To Australians the bush is a dangerous, mysterious place
, she reads.

She passes over these pages and onto other mythologies, of bushrangers, or explorers. But the idea of an abandoned dead child, lying in the earth as if grown there, stays with her for days. And the absurdity of monks in Australia still strikes her, though she knows the country's history is speckled with gaggles of religious men from Europe. Like those Spanish monsignors walking the highway in their black habits under the blasting West Australian sun until the Lord told them to stop, to offer sugar and Communion to the blacks, and call that raw place New Norcia.

But the Victorian story is quieter. She cannot dislodge the image of robed men working in paddocks while up
in the bush behind them is the silent, unvisited grave of a baby, lost to the bush but found by God.

Martin, too, reads these pages where they lie over the breakfast table. He thinks of the hissing bush and the buried baby. Presumably, if the story is true, it was a farmer's child. Perhaps an illegitimate child, a stillborn baby illicitly buried. The Catholics say it is a sin to bury a child unbaptised. On the drive to the city Martin is visited by the image of two pairs of parental arms lowering a small dead baby into the inhospitable earth. And what would they have done then, when this most intimate act was finished? Gone home and sat heavily in a hot farmhouse waiting for a kettle to boil? Or dropped to their knees and prayed to the hurtling sun, for any god must surely now be impossible.

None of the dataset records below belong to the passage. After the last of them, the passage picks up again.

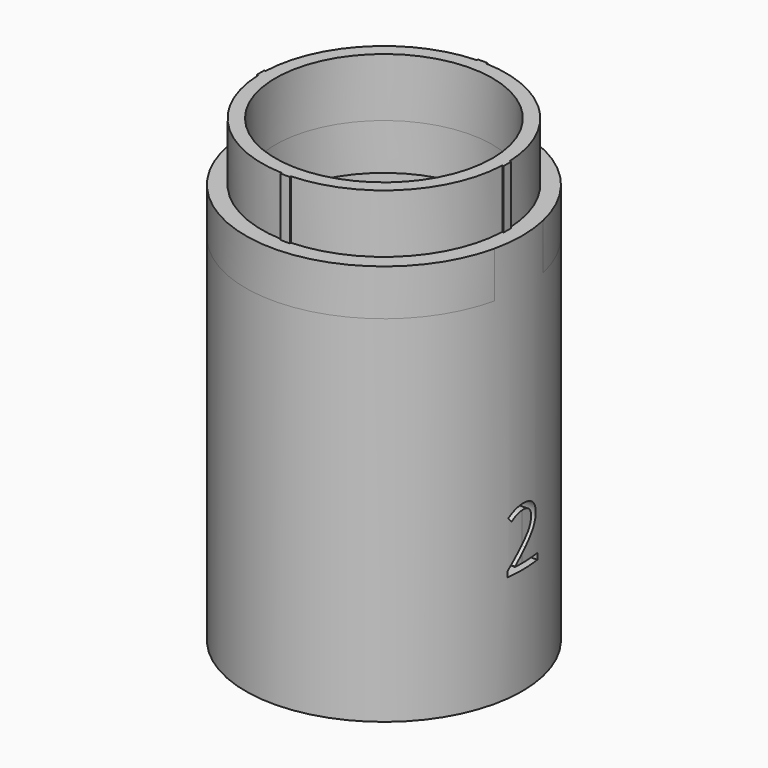
from build123d import *

# Parameters (mm, degrees)
F0_R         = 11.775
F1_DEPTH     = 6.35
F2_R         = 15
F2_R_2       = 13.4
F3_DEPTH     = 43.5
F4_R         = 15
F4_R_2       = 11.775
F5_DEPTH     = 5
F6_TEXT_SIZE = 8.7370552743
F7_DEPTH     = 25


# Not quite as in the source:
# - Text() gives the source's letters only with a copy of the font that has no kerning and outlines rounded to 1/6400 em; it was checked with that copy


with BuildPart() as f1:
    # F0 (on Top) → F1 (new body)
    with BuildSketch(Plane.XY):
        with BuildLine():
            ThreePointArc((13.2405626769, -0.5), (13.2476404591, -0.2500445276), (13.25, 0))
            ThreePointArc((13.25, 0), (13.2476404591, 0.2500445276), (13.2405626769, 0.5))
            ThreePointArc((13.2405626769, 0.5), (9.3691648507, 9.3691648507), (0.5, 13.2405626769))
            ThreePointArc((0.5, 13.2405626769), (0, 13.25), (-0.5, 13.2405626769))
            ThreePointArc((-0.5, 13.2405626769), (-9.3691648507, 9.3691648507), (-13.2405626769, 0.5))
            ThreePointArc((-13.2405626769, 0.5), (-13.25, 0), (-13.2405626769, -0.5))
            ThreePointArc((-13.2405626769, -0.5), (-9.3691648507, -9.3691648507), (-0.5, -13.2405626769))
            ThreePointArc((-0.5, -13.2405626769), (0, -13.25), (0.5, -13.2405626769))
            ThreePointArc((0.5, -13.2405626769), (9.3691648507, -9.3691648507), (13.2405626769, -0.5))
        make_face()
        Circle(F0_R, mode=Mode.SUBTRACT)
        with BuildLine():
            ThreePointArc((13.2405626769, 0.5), (13.2476404591, 0.2500445276), (13.25, 0))
            ThreePointArc((13.25, 0), (13.2476404591, -0.2500445276), (13.2405626769, -0.5))
            Line((13.2405626769, -0.5), (13.3906683926, -0.5))
            ThreePointArc((13.3906683926, -0.5), (13.4, 0), (13.3906683926, 0.5))
            Line((13.3906683926, 0.5), (13.2405626769, 0.5))
        make_face()
        with BuildLine():
            ThreePointArc((-0.5, 13.2405626769), (0, 13.25), (0.5, 13.2405626769))
            Line((0.5, 13.2405626769), (0.5, 13.3906683926))
            ThreePointArc((0.5, 13.3906683926), (0, 13.4), (-0.5, 13.3906683926))
            Line((-0.5, 13.3906683926), (-0.5, 13.2405626769))
        make_face()
        with BuildLine():
            Line((0.5, -13.3906683926), (0.5, -13.2405626769))
            ThreePointArc((0.5, -13.2405626769), (0, -13.25), (-0.5, -13.2405626769))
            Line((-0.5, -13.2405626769), (-0.5, -13.3906683926))
            ThreePointArc((-0.5, -13.3906683926), (0, -13.4), (0.5, -13.3906683926))
        make_face()
        with BuildLine():
            ThreePointArc((-13.2405626769, -0.5), (-13.25, 0), (-13.2405626769, 0.5))
            Line((-13.2405626769, 0.5), (-13.3906683926, 0.5))
            ThreePointArc((-13.3906683926, 0.5), (-13.4, 0), (-13.3906683926, -0.5))
            Line((-13.3906683926, -0.5), (-13.2405626769, -0.5))
        make_face()
    extrude(amount=F1_DEPTH)

    # F2 (on Top) → F3 (join)
    with BuildSketch(Plane.XY):
        Circle(F2_R)
        Circle(F2_R_2, mode=Mode.SUBTRACT)
    extrude(amount=-F3_DEPTH)

    # F6 (on Right) → F7 (cut)
    with BuildSketch(Plane.YZ):
        with Locations((-2.263443382, -31.9193787873)):
            Text('2', F6_TEXT_SIZE, font='Open Sans', text_align=(TextAlign.LEFT, TextAlign.BOTTOM))
    extrude(amount=F7_DEPTH, mode=Mode.SUBTRACT)


with BuildPart() as f5:
    # F4 (on Top) → F5 (new body)
    with BuildSketch(Plane.XY):
        Circle(F4_R)
        Circle(F4_R_2, mode=Mode.SUBTRACT)
    extrude(amount=-F5_DEPTH)


solid = Compound([f1.part, f5.part])

Something in his doctor's self lurches at the extremity of the act, of hiding your own dead child in a secret grave. At the admission of guilt in it.

 

It is so warm they have begun to live at the outdoor table, eating all their meals there, reading, smoking after dinner and watching out at the waves while the insects flit against the windows.

Through this early summer Martin gives Jocelyn fishing lessons, rowing lessons, sea lessons, concocting
stinking buckets of bait outside the shed. Under the watching eyes of the locals he teaches her about the tides, brings her back a pocketful of shells from each walk or fishing trip, collected from Pittwater's shallow beaches. He brings limpets, kelp snails, periwinkles and pippies. She takes them in her open palms and lets them fall clattering onto the glass porch table, their sleek undersides catching the light. Then she sweeps them with a cupped side of her hand into a bucket she keeps by the door.

And over the weeks Jocelyn gives Martin piano lessons. She spent a childhood in dark rooms with nuns holding a ruler above her fingers, and she seldom plays any longer. But at nights in this house she teaches him the left hand of Satie's
Gymnopédie No. 1
. She sits beside him on the piano stool, and slowly he plays the repeated bass line, its even, steady steps over and over, while her right hand wanders the treble notes, its lightness and movement becoming one of her walks around this island, hesitating, beginning again, losing her way and recovering it.